Depending on the complexity of the data you are reading from the buffer and what your plans are, you could use a class or a struct. If you do not need to create an object with this data, which provides services to other objects, you could use a struct. Structs are great when your need isn't so complex, whereby a full class might be overkill.
I have created a separate class for parsing the buffer like bellow, am
I in a right direction?
I think so.
I hope that helps for starters!
The question "how should I parse this" depends largely on how you want to parse the data. Two things are missing from your question:
Exactly how do you receive the data? You mention Bluetooth but what is the programming medium? Are you reading from a socket? Do you have some other kind of API? Do you receive it byte at a time or in blocks?
What are the rules for dealing with the data you are receiving? Most data is delimited in some way or of fixed field length.

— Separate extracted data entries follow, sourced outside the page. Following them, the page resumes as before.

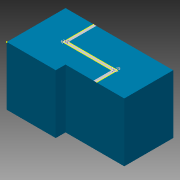
# Autodesk Inventor part: River 2_赤
Saved by Autodesk Inventor 2015 (Build 190159000, 159)
## iProperties
Created: 2015-08-24
Part Number: River 2_赤
Material: 一般
Document SubType Name: Modeling
Designer: nobuhiro
Density: 1 g/cm^3
Appearance: スカイ ブルー 標準
Author: nobuhiro
Autodesk Inventor part; units mm, degrees
ref_plane "YZ Plane" through (0, 0, 0) normal (1, 0, 0) x (0, 1, 0)
ref_plane "XZ Plane" through (0, 0, 0) normal (0, 1, 0) x (-1, 0, 0)
ref_plane "XY Plane" through (0, 0, 0) normal (0, 0, 1) x (1, 0, 0)
sketch "スケッチ1" plane through (0, 0, 0) normal (0, 0, 1) x (1, 0, 0)
  line L0 (0, 0) -> (0, 600)
  line L1 (0, 600) -> (1100, 600)
  line L2 (1100, 600) -> (1100, 100)
  line L3 (1100, 100) -> (500, 100)
  line L4 (500, 100) -> (500, 0)
  line L5 (500, 0) -> (0, 0)
  line L6 (285, 600) -> (315, 600)
  line L7 (315, 600) -> (315, 285)
  line L8 (315, 285) -> (285, 285)
  line L9 (285, 285) -> (285, 600)
  line L10 (285, 285) -> (815, 285)
  line L11 (815, 285) -> (815, 315)
  line L12 (815, 315) -> (285, 315)
  line L13 (285, 315) -> (285, 285)
  line L14 (785, 100) -> (815, 100)
  line L15 (815, 100) -> (815, 315)
  line L16 (815, 315) -> (785, 315)
  line L17 (785, 315) -> (785, 100)
  point P0 (285, 300)
  point P1 (0, 300)
  point P2 (800, 100)
  point P3 (800, 100)
  dimension "d0" = 600
  dimension "d1" = 1100
  dimension "d2" = 500
  dimension "d3" = 600
  dimension "d4" = 100
  dimension "d5" = 30
  dimension "d6" = 285
  constraints: 36 end point, 9 perpendicular, 6 parallel, 4 midpoint, 3 horizontal, 1 coincident, 1 horizontal alignment, 1 point on line, 1 vertical
  measures "d0" distance of L0.start L0.end
  measures "d1" distance of L0.end L1.end
  measures "d2" distance of L1.end L2.end
  measures "d3" distance of L2.end L3.end
  measures "d4" distance of L3.end L4.end
  measures "d5" distance between parallel lines of L9 L7
  measures "d6" distance between parallel lines of L9 L0
extrude "押し出し1" add sketch "スケッチ1" along normal blind 600 contours L0 L1 L9 L8 L10 L17 L3 L4 L5 | L1 L2 L3 L15 L11 L12 L7
sketch "スケッチ2" plane through (0, 0, 0) normal (0, 0, -1) x (-1, 0, 0)
  line L0 (-285, 285) -> (-785, 285) projected
  line L1 (-785, 285) -> (-785, 100) projected
  line L2 (-285, 600) -> (-285, 285) projected
  line L3 (-815, 315) -> (-315, 315) projected
  line L4 (-315, 315) -> (-315, 600) projected
  line L5 (-1100, 600) -> (-315, 600) projected
  line L6 (-1100, 100) -> (-1100, 600) projected
  line L7 (-815, 100) -> (-1100, 100) projected
  line L8 (-815, 100) -> (-815, 315) projected
  line L9 (-285, 600) -> (-315, 600)
  line L10 (-785, 100) -> (-815, 100)
  constraints: 4 end point, 1 horizontal, 1 parallel
extrude "押し出し2" add sketch "スケッチ2" against normal blind 600.1 contours L0 L1 L10 L8 L3 L4 L9 L2
sketch "スケッチ3" plane through (0, 0, 600.1) normal (0, 0, 1) x (1, 0, 0)
  line L0 (285, 600) -> (285, 285) projected
  line L1 (285, 285) -> (785, 285) projected
  line L2 (815, 100) -> (815, 315) projected
  line L3 (815, 315) -> (315, 315) projected
  point P0 (0, 0)
  point P1 (800, 300)
  point P2 (300, 300)
  dimension "d11" = 15
  dimension "d12" = 15
  dimension "d13" = 15
  dimension "d14" = 15
  measures "d11" distance from line of L0 point (300, 300)
  measures "d12" distance from line of point (300, 300) L1
  measures "d13" distance from line of point (800, 300) L2
  measures "d14" distance from line of point (800, 300) L3
equation "\"d12\" = d11"
equation "\"d14\" = d13"

In your case, you mention that it can be of any length but unless you explain how you want to parse it, I can't help.
One suggestion I would make is to change the type of your buffer to use std::vector :
std::vector<unsigned char> buffer(normalSize)
You should choose normalSize to be something around the most frequently observed size of your incoming message. A vector will grow as you push items onto it so, unlike the array you created, you won't need to worry about buffer overrun if you get a large message. However, if you do go above normalSize under the covers the vector will reallocate enough memory to cope with your extended requirements. This can be expensive so you don't want to do it too often.
You use a vector in pretty much the same way as your array. One key difference is that you can simply push elements onto the end of the vector, rather than having to keep a running pointer. SO imagine you received a single int at a time from the Bluetooth source, your code might look something like this:
// Clear out the previous contents of the buffer.
buffer.clear();
int elem(0);
// Find the start of your message. Throw away elements
// that we don't need.
while ( 0x43 != ( elem = getNextBluetoothInt() ) );
// Push elements of the message into the buffer until
// we hit the end.
while ( 0x0D != elem )
{
buffer.push_back( elem );
}
buffer.push_back( elem ); // Remember to add on the last one.
The key benefit is that array will automatically resize the vector without you having to do it no matter whether the amount of characters pushed on is 10 or 10,000.